PROBLEM TO WORK ON => Only the lines from the beginning of the data through the one with "line L0 (0, 0) -> (0, -4.065) construction" belong in the answer, each retyped exactly, with pictures left out.

PROVIDED DATA =>
※ ※ ※

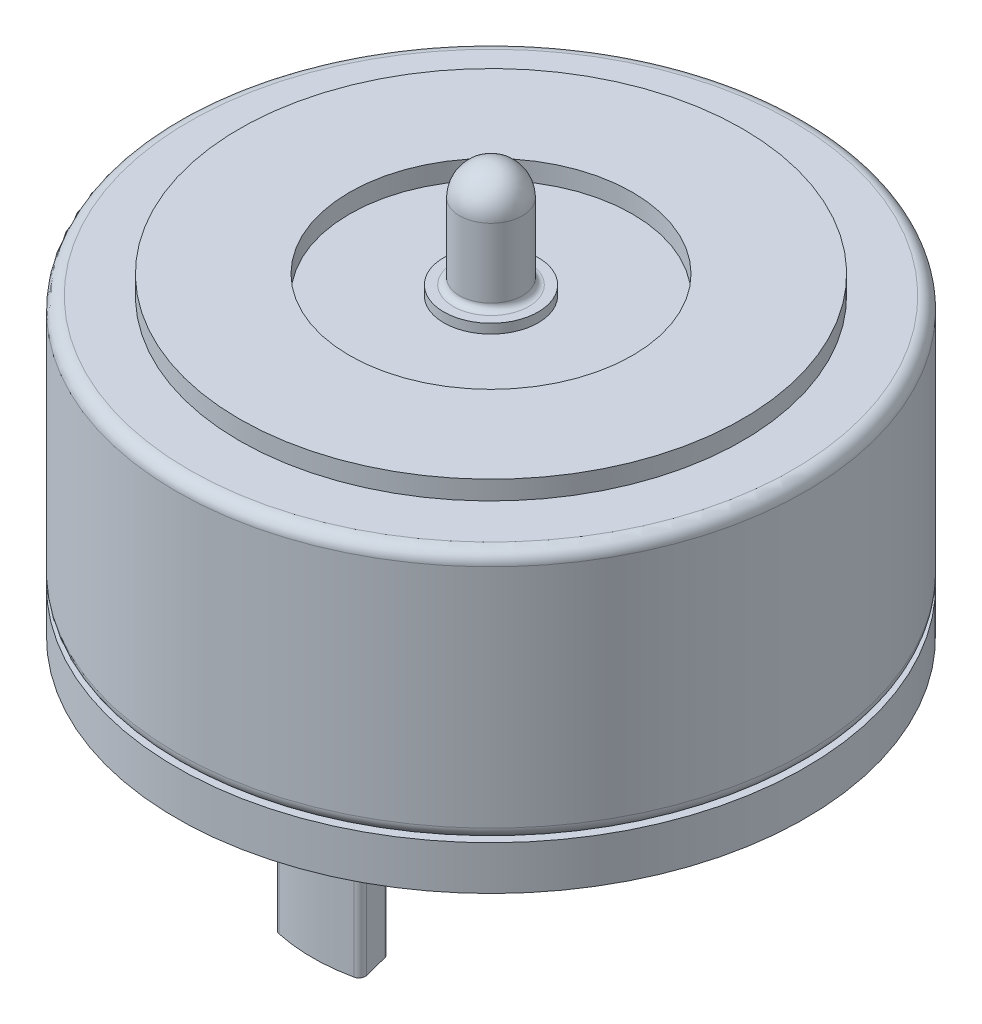
SolidWorks part; units mm, degrees
ref_plane "Спереди" through (0, 0, 0) normal (0, 0, 1) x (1, 0, 0)
ref_plane "Сверху" through (0, 0, 0) normal (0, 1, 0) x (1, 0, 0)
ref_plane "Справа" through (0, 0, 0) normal (1, 0, 0) x (0, 0, -1)
sketch "Эскиз1" plane through (0, 0, 0) normal (0, 1, 0) x (1, 0, 0)
  circle A0 centre (0, 0) radius 5
  dimension "D1" = 10
extrude "Бобышка-Вытянуть1" add sketch "Эскиз1" along normal blind 4.3
sketch "Эскиз2" plane through (0, 4.3, 0) normal (0, 1, 0) x (1, 0, 0)
  circle A0 centre (0, 0) radius 4
  circle A1 centre (0, 0) radius 2.25
  circle M1 centre (0, 0) radius 5
  dimension "D1" = 8
  dimension "D2" = 4.5
extrude "Вырез-Вытянуть1" cut sketch "Эскиз2" against normal blind 0.3 contours A0 M1 | A1
sketch "Эскиз3" plane through (0, 4, 0) normal (0, 1, 0) x (1, 0, 0)
  circle A0 centre (0, 0) radius 0.75
  dimension "D1" = 1.5
extrude "Бобышка-Вытянуть2" add sketch "Эскиз3" along normal blind 0.15
sketch "Эскиз4" plane through (0, 4.15, 0) normal (0, 1, 0) x (1, 0, 0)
  circle A0 centre (0, 0) radius 0.5
  dimension "D1" = 1
extrude "Бобышка-Вытянуть3" add sketch "Эскиз4" along normal blind 1.7
fillet "Скругление1" radius 0.5 1 edges at (0, 5.85, 0.5)
fillet "Скругление2" radius 0.2 2 edges at (0, 4, 5) (0, 0, 5)
fillet "Скругление3" radius 0.1 1 edges at (0, 4.15, 0.5)
sketch "Эскиз5" plane through (0, 0, 0) normal (0, -1, 0) x (1, 0, 0)
  circle A0 centre (0, 0) radius 5
  circle A1 centre (0, 0) radius 5 construction
extrude "Бобышка-Вытянуть4" add sketch "Эскиз5" along normal blind 0.7
sketch "Эскиз6" plane through (0, -0.7, 0) normal (0, -1, 0) x (1, 0, 0)
  line L0 (0, 0) -> (0, -4.065) construction
  line L1 (0, -3.6025) -> (0, 3.6025) construction
  line L2 (0.7, 2.7524) -> (0.5521, 2.1709)
  line L3 (-0.7, 2.7524) -> (-0.5521, 2.1709)
  line L4 (0.5521, -2.1709) -> (0.7, -2.7524)
  line L5 (-0.5521, -2.1709) -> (-0.7, -2.7524)
  circle A0 centre (0, 0) radius 2.54 construction
  arc A1 (-0.7, -2.7524) -> (0.7, -2.7524) centre (0, 0) ccw
  arc A2 (-0.5521, -2.1709) -> (0.5521, -2.1709) centre (0, 0) ccw
  arc A3 (0.7, 2.7524) -> (-0.7, 2.7524) centre (0, 0) ccw
  circle A4 centre (0, 0) radius 2.24 construction
  circle A5 centre (0, 0) radius 2.84 construction
  arc A6 (0.5521, 2.1709) -> (-0.5521, 2.1709) centre (0, 0) ccw
  point P6 (2.7159, 0.8303)
  point P19 (2.1421, 0.6549)
  dimension "D1" = 5.08
  dimension "D4" = 1.4
  dimension "D2" = 0.3
  dimension "D3" = 0.3
extrude "Бобышка-Вытянуть5" add sketch "Эскиз6" along normal blind 3
fillet "Скругление4" radius 0.1 8 edges at (0.7, -2.2, -2.7524) (-0.7, -2.2, -2.7524) (-0.5521, -2.2, -2.1709) (0.5521, -2.2, -2.1709) (0.7, -2.2, 2.7524) (0.5521, -2.2, 2.1709) (-0.7, -2.2, 2.7524) (-0.5521, -2.2, 2.1709)
sketch "Эскиз7" plane through (0, -0.7, 0) normal (0, -1, 0) x (1, 0, 0)
  circle A0 centre (0, 0) radius 0.3
  dimension "D1" = 0.6
extrude "Бобышка-Вытянуть6" add sketch "Эскиз7" along normal up to vertex (3 mm away)

※ ※ ※

WRITTEN SOLUTION =>
SolidWorks part; units mm, degrees
ref_plane "Спереди" through (0, 0, 0) normal (0, 0, 1) x (1, 0, 0)
ref_plane "Сверху" through (0, 0, 0) normal (0, 1, 0) x (1, 0, 0)
ref_plane "Справа" through (0, 0, 0) normal (1, 0, 0) x (0, 0, -1)
sketch "Эскиз1" plane through (0, 0, 0) normal (0, 1, 0) x (1, 0, 0)
  circle A0 centre (0, 0) radius 5
  dimension "D1" = 10
extrude "Бобышка-Вытянуть1" add sketch "Эскиз1" along normal blind 4.3
sketch "Эскиз2" plane through (0, 4.3, 0) normal (0, 1, 0) x (1, 0, 0)
  circle A0 centre (0, 0) radius 4
  circle A1 centre (0, 0) radius 2.25
  circle M1 centre (0, 0) radius 5
  dimension "D1" = 8
  dimension "D2" = 4.5
extrude "Вырез-Вытянуть1" cut sketch "Эскиз2" against normal blind 0.3 contours A0 M1 | A1
sketch "Эскиз3" plane through (0, 4, 0) normal (0, 1, 0) x (1, 0, 0)
  circle A0 centre (0, 0) radius 0.75
  dimension "D1" = 1.5
extrude "Бобышка-Вытянуть2" add sketch "Эскиз3" along normal blind 0.15
sketch "Эскиз4" plane through (0, 4.15, 0) normal (0, 1, 0) x (1, 0, 0)
  circle A0 centre (0, 0) radius 0.5
  dimension "D1" = 1
extrude "Бобышка-Вытянуть3" add sketch "Эскиз4" along normal blind 1.7
fillet "Скругление1" radius 0.5 1 edges at (0, 5.85, 0.5)
fillet "Скругление2" radius 0.2 2 edges at (0, 4, 5) (0, 0, 5)
fillet "Скругление3" radius 0.1 1 edges at (0, 4.15, 0.5)
sketch "Эскиз5" plane through (0, 0, 0) normal (0, -1, 0) x (1, 0, 0)
  circle A0 centre (0, 0) radius 5
  circle A1 centre (0, 0) radius 5 construction
extrude "Бобышка-Вытянуть4" add sketch "Эскиз5" along normal blind 0.7
sketch "Эскиз6" plane through (0, -0.7, 0) normal (0, -1, 0) x (1, 0, 0)
  line L0 (0, 0) -> (0, -4.065) construction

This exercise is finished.